In the art, in response to such a demand, for example, it has been proposed to add particles having high thermal conductivity, such as aluminum nitride (AlN) particles and silicon carbide (SiC) particles, etc. (high thermal conductive particles) as filler particles to the glass-ceramics composite material which constitutes the base material of the ceramic substrate which has the inner layer wiring consisting of low resistance metal (good conductor), such as gold, silver, copper, and an alloy containing such metal, for example (for example, refer to Patent Literatures 1 to 8).
Moreover, it has been proposed to blend spinel system compound crystal phases and such as gahnite (ZnAl2O4) and/or spinel (MgAl2O4), as well as at least one kind of non-oxide system compound crystal phase chosen from the group of aluminum nitride (AlN), silicon nitride (Si3N4), silicon carbide (SiC), and boron nitride (BN), into a glass phase comprising as a main component silicon oxide (SiO2), aluminum oxide (Al2O3), zinc oxide (ZnO), magnesium oxide (MgO), and boron oxide (B2O3), for the purpose of raising the intensity and the thermal conductivity of a base material effectively (for example, refer to Patent Literature 9).
As mentioned above, in the art, various technology which raises the thermal conductivity of a glass-ceramics composite material by adding, for example, non-oxide system compound crystal phase, such as aluminum nitride (AlN) etc., as filler particles, to a glass-ceramics composite material has been proposed.

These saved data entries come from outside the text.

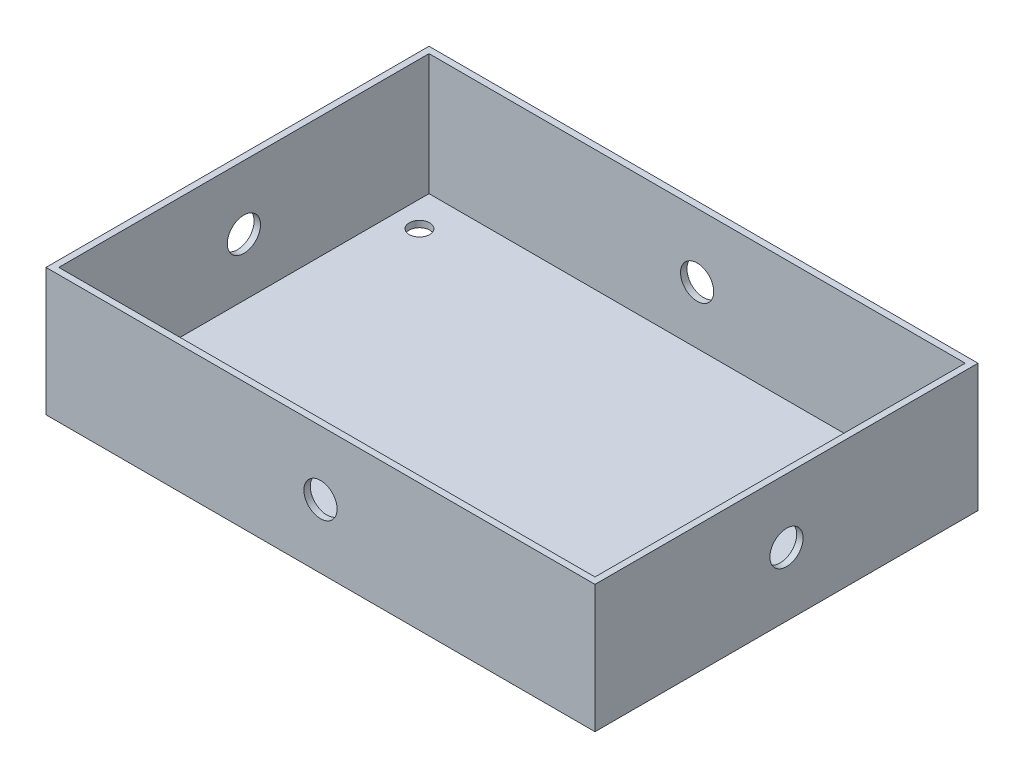
ISO-10303-21;
HEADER;
FILE_DESCRIPTION(('STEP AP214'),'2;1');
FILE_NAME('part.step','',(''),(''),'','','');
FILE_SCHEMA(('AUTOMOTIVE_DESIGN { 1 0 10303 214 1 1 1 1 }'));
ENDSEC;
DATA;
#1=APPLICATION_CONTEXT('core data for automotive mechanical design processes');
#2=APPLICATION_PROTOCOL_DEFINITION('international standard','automotive_design',2000,#1);
#3=PRODUCT_CONTEXT('',#1,'mechanical');
#4=PRODUCT('Part','Part','',(#3));
#5=PRODUCT_RELATED_PRODUCT_CATEGORY('part','',(#4));
#6=PRODUCT_DEFINITION_FORMATION('','',#4);
#7=PRODUCT_DEFINITION_CONTEXT('part definition',#1,'design');
#8=PRODUCT_DEFINITION('design','',#6,#7);
#9=PRODUCT_DEFINITION_SHAPE('','',#8);
#10=(LENGTH_UNIT() NAMED_UNIT(*) SI_UNIT(.MILLI.,.METRE.));
#11=(NAMED_UNIT(*) PLANE_ANGLE_UNIT() SI_UNIT($,.RADIAN.));
#12=(NAMED_UNIT(*) SI_UNIT($,.STERADIAN.) SOLID_ANGLE_UNIT());
#13=UNCERTAINTY_MEASURE_WITH_UNIT(LENGTH_MEASURE(1.E-05),#10,'distance_accuracy_value','');
#14=(GEOMETRIC_REPRESENTATION_CONTEXT(3) GLOBAL_UNCERTAINTY_ASSIGNED_CONTEXT((#13)) GLOBAL_UNIT_ASSIGNED_CONTEXT((#10,
#11,#12)) REPRESENTATION_CONTEXT('',''));
#15=CARTESIAN_POINT('',(0.,0.,0.));
#16=DIRECTION('',(0.,0.,1.));
#17=DIRECTION('',(1.,0.,0.));
#18=AXIS2_PLACEMENT_3D('',#15,#16,#17);
#19=CARTESIAN_POINT('',(43.,20.,30.));
#20=DIRECTION('',(-1.,0.,0.));
#21=DIRECTION('',(0.,0.,1.));
#22=AXIS2_PLACEMENT_3D('',#19,#20,#21);
#23=PLANE('',#22);
#24=CARTESIAN_POINT('',(43.,10.,0.));
#25=DIRECTION('',(-1.,0.,0.));
#26=DIRECTION('',(0.,0.,1.));
#27=AXIS2_PLACEMENT_3D('',#24,#25,#26);
#28=CIRCLE('',#27,2.6);
#29=CARTESIAN_POINT('',(43.,10.,2.6));
#30=VERTEX_POINT('',#29);
#31=EDGE_CURVE('E172',#30,#30,#28,.T.);
#32=ORIENTED_EDGE('',*,*,#31,.T.);
#33=EDGE_LOOP('',(#32));
#34=FACE_BOUND('',#33,.T.);
#35=DIRECTION('',(0.,0.,-1.));
#36=VECTOR('',#35,1.);
#37=CARTESIAN_POINT('',(43.,0.,30.));
#38=LINE('',#37,#36);
#39=CARTESIAN_POINT('',(43.,0.,30.));
#40=VERTEX_POINT('',#39);
#41=CARTESIAN_POINT('',(43.,0.,-30.));
#42=VERTEX_POINT('',#41);
#43=EDGE_CURVE('E150',#40,#42,#38,.T.);
#44=ORIENTED_EDGE('',*,*,#43,.T.);
#45=DIRECTION('',(0.,-1.,0.));
#46=VECTOR('',#45,1.);
#47=CARTESIAN_POINT('',(43.,20.,-30.));
#48=LINE('',#47,#46);
#49=CARTESIAN_POINT('',(43.,20.,-30.));
#50=VERTEX_POINT('',#49);
#51=EDGE_CURVE('E12',#50,#42,#48,.T.);
#52=ORIENTED_EDGE('',*,*,#51,.F.);
#53=DIRECTION('',(0.,0.,-1.));
#54=VECTOR('',#53,1.);
#55=CARTESIAN_POINT('',(43.,20.,30.));
#56=LINE('',#55,#54);
#57=CARTESIAN_POINT('',(43.,20.,30.));
#58=VERTEX_POINT('',#57);
#59=EDGE_CURVE('E151',#58,#50,#56,.T.);
#60=ORIENTED_EDGE('',*,*,#59,.F.);
#61=DIRECTION('',(0.,-1.,0.));
#62=VECTOR('',#61,1.);
#63=CARTESIAN_POINT('',(43.,20.,30.));
#64=LINE('',#63,#62);
#65=EDGE_CURVE('E157',#58,#40,#64,.T.);
#66=ORIENTED_EDGE('',*,*,#65,.T.);
#67=EDGE_LOOP('',(#44,#52,#60,#66));
#68=FACE_BOUND('',#67,.T.);
#69=ADVANCED_FACE('F37',(#34,#68),#23,.F.);
#70=CARTESIAN_POINT('',(-43.,20.,-30.));
#71=DIRECTION('',(0.,0.,1.));
#72=DIRECTION('',(1.,0.,0.));
#73=AXIS2_PLACEMENT_3D('',#70,#71,#72);
#74=PLANE('',#73);
#75=CARTESIAN_POINT('',(0.,10.,-30.));
#76=DIRECTION('',(0.,0.,-1.));
#77=DIRECTION('',(-1.,0.,0.));
#78=AXIS2_PLACEMENT_3D('',#75,#76,#77);
#79=CIRCLE('',#78,2.6);
#80=CARTESIAN_POINT('',(-2.59999999999999,10.,-30.));
#81=VERTEX_POINT('',#80);
#82=EDGE_CURVE('E267',#81,#81,#79,.T.);
#83=ORIENTED_EDGE('',*,*,#82,.F.);
#84=EDGE_LOOP('',(#83));
#85=FACE_BOUND('',#84,.T.);
#86=DIRECTION('',(-1.,0.,0.));
#87=VECTOR('',#86,1.);
#88=CARTESIAN_POINT('',(-43.,0.,-30.));
#89=LINE('',#88,#87);
#90=CARTESIAN_POINT('',(-43.,0.,-30.));
#91=VERTEX_POINT('',#90);
#92=EDGE_CURVE('E160',#42,#91,#89,.T.);
#93=ORIENTED_EDGE('',*,*,#92,.T.);
#94=DIRECTION('',(0.,-1.,0.));
#95=VECTOR('',#94,1.);
#96=CARTESIAN_POINT('',(-43.,20.,-30.));
#97=LINE('',#96,#95);
#98=CARTESIAN_POINT('',(-43.,20.,-30.));
#99=VERTEX_POINT('',#98);
#100=EDGE_CURVE('E45',#99,#91,#97,.T.);
#101=ORIENTED_EDGE('',*,*,#100,.F.);
#102=DIRECTION('',(-1.,0.,0.));
#103=VECTOR('',#102,1.);
#104=CARTESIAN_POINT('',(-43.,20.,-30.));
#105=LINE('',#104,#103);
#106=EDGE_CURVE('E90',#50,#99,#105,.T.);
#107=ORIENTED_EDGE('',*,*,#106,.F.);
#108=ORIENTED_EDGE('',*,*,#51,.T.);
#109=EDGE_LOOP('',(#93,#101,#107,#108));
#110=FACE_BOUND('',#109,.T.);
#111=ADVANCED_FACE('F226',(#85,#110),#74,.F.);
#112=CARTESIAN_POINT('',(-43.,20.,30.));
#113=DIRECTION('',(1.,0.,0.));
#114=DIRECTION('',(0.,0.,-1.));
#115=AXIS2_PLACEMENT_3D('',#112,#113,#114);
#116=PLANE('',#115);
#117=CARTESIAN_POINT('',(-43.,10.,0.));
#118=DIRECTION('',(-1.,0.,0.));
#119=DIRECTION('',(0.,0.,1.));
#120=AXIS2_PLACEMENT_3D('',#117,#118,#119);
#121=CIRCLE('',#120,2.6);
#122=CARTESIAN_POINT('',(-43.,10.,2.6));
#123=VERTEX_POINT('',#122);
#124=EDGE_CURVE('E179',#123,#123,#121,.T.);
#125=ORIENTED_EDGE('',*,*,#124,.F.);
#126=EDGE_LOOP('',(#125));
#127=FACE_BOUND('',#126,.T.);
#128=DIRECTION('',(0.,0.,1.));
#129=VECTOR('',#128,1.);
#130=CARTESIAN_POINT('',(-43.,0.,30.));
#131=LINE('',#130,#129);
#132=CARTESIAN_POINT('',(-43.,0.,30.));
#133=VERTEX_POINT('',#132);
#134=EDGE_CURVE('E162',#91,#133,#131,.T.);
#135=ORIENTED_EDGE('',*,*,#134,.T.);
#136=DIRECTION('',(0.,-1.,0.));
#137=VECTOR('',#136,1.);
#138=CARTESIAN_POINT('',(-43.,20.,30.));
#139=LINE('',#138,#137);
#140=CARTESIAN_POINT('',(-43.,20.,30.));
#141=VERTEX_POINT('',#140);
#142=EDGE_CURVE('E166',#141,#133,#139,.T.);
#143=ORIENTED_EDGE('',*,*,#142,.F.);
#144=DIRECTION('',(0.,0.,1.));
#145=VECTOR('',#144,1.);
#146=CARTESIAN_POINT('',(-43.,20.,30.));
#147=LINE('',#146,#145);
#148=EDGE_CURVE('E154',#99,#141,#147,.T.);
#149=ORIENTED_EDGE('',*,*,#148,.F.);
#150=ORIENTED_EDGE('',*,*,#100,.T.);
#151=EDGE_LOOP('',(#135,#143,#149,#150));
#152=FACE_BOUND('',#151,.T.);
#153=ADVANCED_FACE('F231',(#127,#152),#116,.F.);
#154=CARTESIAN_POINT('',(-43.,20.,30.));
#155=DIRECTION('',(0.,0.,-1.));
#156=DIRECTION('',(-1.,0.,0.));
#157=AXIS2_PLACEMENT_3D('',#154,#155,#156);
#158=PLANE('',#157);
#159=CARTESIAN_POINT('',(0.,10.,30.));
#160=DIRECTION('',(0.,0.,-1.));
#161=DIRECTION('',(-1.,0.,0.));
#162=AXIS2_PLACEMENT_3D('',#159,#160,#161);
#163=CIRCLE('',#162,2.6);
#164=CARTESIAN_POINT('',(-2.59999999999999,10.,30.));
#165=VERTEX_POINT('',#164);
#166=EDGE_CURVE('E265',#165,#165,#163,.T.);
#167=ORIENTED_EDGE('',*,*,#166,.T.);
#168=EDGE_LOOP('',(#167));
#169=FACE_BOUND('',#168,.T.);
#170=DIRECTION('',(1.,0.,0.));
#171=VECTOR('',#170,1.);
#172=CARTESIAN_POINT('',(-43.,0.,30.));
#173=LINE('',#172,#171);
#174=EDGE_CURVE('E83',#133,#40,#173,.T.);
#175=ORIENTED_EDGE('',*,*,#174,.T.);
#176=ORIENTED_EDGE('',*,*,#65,.F.);
#177=DIRECTION('',(1.,0.,0.));
#178=VECTOR('',#177,1.);
#179=CARTESIAN_POINT('',(-43.,20.,30.));
#180=LINE('',#179,#178);
#181=EDGE_CURVE('E62',#141,#58,#180,.T.);
#182=ORIENTED_EDGE('',*,*,#181,.F.);
#183=ORIENTED_EDGE('',*,*,#142,.T.);
#184=EDGE_LOOP('',(#175,#176,#182,#183));
#185=FACE_BOUND('',#184,.T.);
#186=ADVANCED_FACE('F220',(#169,#185),#158,.F.);
#187=CARTESIAN_POINT('',(0.,20.,0.));
#188=DIRECTION('',(0.,-1.,0.));
#189=DIRECTION('',(0.,0.,-1.));
#190=AXIS2_PLACEMENT_3D('',#187,#188,#189);
#191=PLANE('',#190);
#192=DIRECTION('',(0.,0.,1.));
#193=VECTOR('',#192,1.);
#194=CARTESIAN_POINT('',(-42.,20.,-29.));
#195=LINE('',#194,#193);
#196=CARTESIAN_POINT('',(-42.,20.,-29.));
#197=VERTEX_POINT('',#196);
#198=CARTESIAN_POINT('',(-42.,20.,29.));
#199=VERTEX_POINT('',#198);
#200=EDGE_CURVE('E136',#197,#199,#195,.T.);
#201=ORIENTED_EDGE('',*,*,#200,.F.);
#202=DIRECTION('',(-1.,0.,0.));
#203=VECTOR('',#202,1.);
#204=CARTESIAN_POINT('',(-42.,20.,-29.));
#205=LINE('',#204,#203);
#206=CARTESIAN_POINT('',(42.,20.,-29.));
#207=VERTEX_POINT('',#206);
#208=EDGE_CURVE('E129',#207,#197,#205,.T.);
#209=ORIENTED_EDGE('',*,*,#208,.F.);
#210=DIRECTION('',(0.,0.,-1.));
#211=VECTOR('',#210,1.);
#212=CARTESIAN_POINT('',(42.,20.,-29.));
#213=LINE('',#212,#211);
#214=CARTESIAN_POINT('',(42.,20.,29.));
#215=VERTEX_POINT('',#214);
#216=EDGE_CURVE('E140',#215,#207,#213,.T.);
#217=ORIENTED_EDGE('',*,*,#216,.F.);
#218=DIRECTION('',(1.,0.,0.));
#219=VECTOR('',#218,1.);
#220=CARTESIAN_POINT('',(-42.,20.,29.));
#221=LINE('',#220,#219);
#222=EDGE_CURVE('E53',#199,#215,#221,.T.);
#223=ORIENTED_EDGE('',*,*,#222,.F.);
#224=EDGE_LOOP('',(#201,#209,#217,#223));
#225=FACE_BOUND('',#224,.T.);
#226=ORIENTED_EDGE('',*,*,#59,.T.);
#227=ORIENTED_EDGE('',*,*,#106,.T.);
#228=ORIENTED_EDGE('',*,*,#148,.T.);
#229=ORIENTED_EDGE('',*,*,#181,.T.);
#230=EDGE_LOOP('',(#226,#227,#228,#229));
#231=FACE_BOUND('',#230,.T.);
#232=ADVANCED_FACE('F217',(#225,#231),#191,.F.);
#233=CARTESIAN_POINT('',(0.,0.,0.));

In the glass-ceramics composite material used as LTCC, for example, from a viewpoint of securing the properties required for LTCC, such as improvement in the workability at the time of dissolution of a glass phase, reduction of firing temperature, and improvement in the strength and thermal conductivity by increasing the degree of densification, etc., it is thought that it is important to lower the melting point and/or the softening point of a glass phase. In order to lower the melting point of a glass phase, it is effective to add a flux component, for example, such as boron oxide (B2O3), to a glass phase. However, a glass phase containing large quantity of boron oxide (B2O3) has poor moisture resistance, and concern remains about the reliability under high temperature and high humidity circumstance, for example, when it is used as a material of the substrate (electronic circuit card) on which an electronic circuit element is mounted, for example.
As mentioned above, in the art, demand for a glass-ceramics composite material suitable for a low-temperature firing use, which has high moisture resistance and thermal conductivity, has been existing.